U.S. Transportation Command (USTRANSCOM) provides daily examples of what it takes to keep U.S. forces and their sustainment moving around the world. USTRANSCOM conducts more than 1,900 air missions during an average week and has 25 ships underway and 10,000 ground shipments operating in 75 percent of the world’s countries. It does this with a total wartime personnel capability of 45,945 active-duty soldiers, sailors, airmen, Marines, and Coast Guardsmen; 73,058 Reserve and Guard personnel; and 19,104 DOD civilian personnel—numbers that do not include the significant contributions of USTRANSCOM’s commercial partners or the contributions of foreign entities.10

Utilizing its people, trucks, trains, railcars, aircraft, ships, information systems, and distribution infrastructure, as well as commercial partners’ 1,203 aircraft in the Civil Reserve Air Fleet (CRAF) and 379 vessels in the Voluntary Intermodal Sealift Agreement (VISA), USTRANSCOM provides the U.S. military with highly responsive strategic mobility.11 Its handoff to service logistics personnel around the globe creates a distribution pipeline that moves critical sustainment from the factory to the tactical edge of U.S. military operations.
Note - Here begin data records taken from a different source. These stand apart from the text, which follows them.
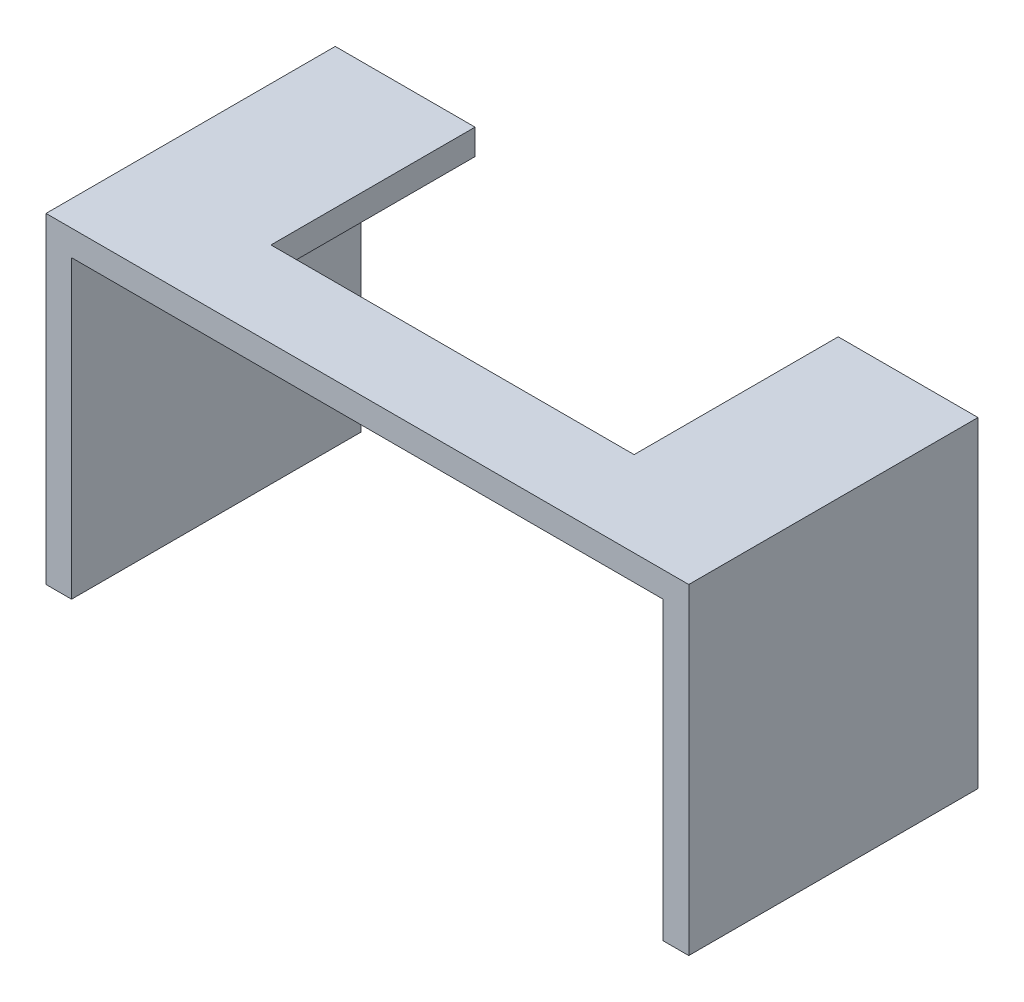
from build123d import *

# Parameters (mm, degrees)
BOSS_EXTRUDE1_DEPTH = 18
SKETCH2_W           = 22.6
SKETCH2_H           = 12.7
CUT_EXTRUDE1_DEPTH  = 10


with BuildPart() as part:
    # Sketch1 → Boss-Extrude1 (new body)
    with BuildSketch(Plane.XY):
        Polygon((1.59, -20), (1.59, -1.59), (38.41, -1.59), (38.41, -20), (40, -20), (40, 0), (0, 0), (0, -20), align=None)
    extrude(amount=BOSS_EXTRUDE1_DEPTH)

    # Sketch2 → Cut-Extrude1 (cut)
    with BuildSketch(Plane(origin=(0, 0, 0), x_dir=(1, 0, 0), z_dir=(0, 1, 0))):
        with Locations((20, -6.35)):
            Rectangle(SKETCH2_W, SKETCH2_H)
    extrude(amount=-CUT_EXTRUDE1_DEPTH, mode=Mode.SUBTRACT)


solid = part.part

In coordination with USTRANSCOM’s distribution functions, the actions of the Defense Logistics Agency (DLA) as supplier for the military are equally staggering in scope and scale. During fiscal year (FY) 2017, DLA provided more than $35 billion in goods and services, coordinating the actions of 25,000 military, civilian, and contract personnel who provided food, clothing, fuel, repair parts, and other items across nine supply chains distributing approximately 5 million distinct consumable, expendable, and reparable items. DLA’s activity is spread across 48 U.S. states and in 28 different countries.12

These are far from “back office” functions and are truly what sustain the force and support its warfighting readiness. The criticality of logistics is not a new phenomenon, however; logistics has a significantly more complex nature today because of its integration across air, land, sea, space, and the information and cyber environments.

The Timelessness and Ever-Changing Nature of Logistics

Amateurs think about tactics, but professionals think about logistics.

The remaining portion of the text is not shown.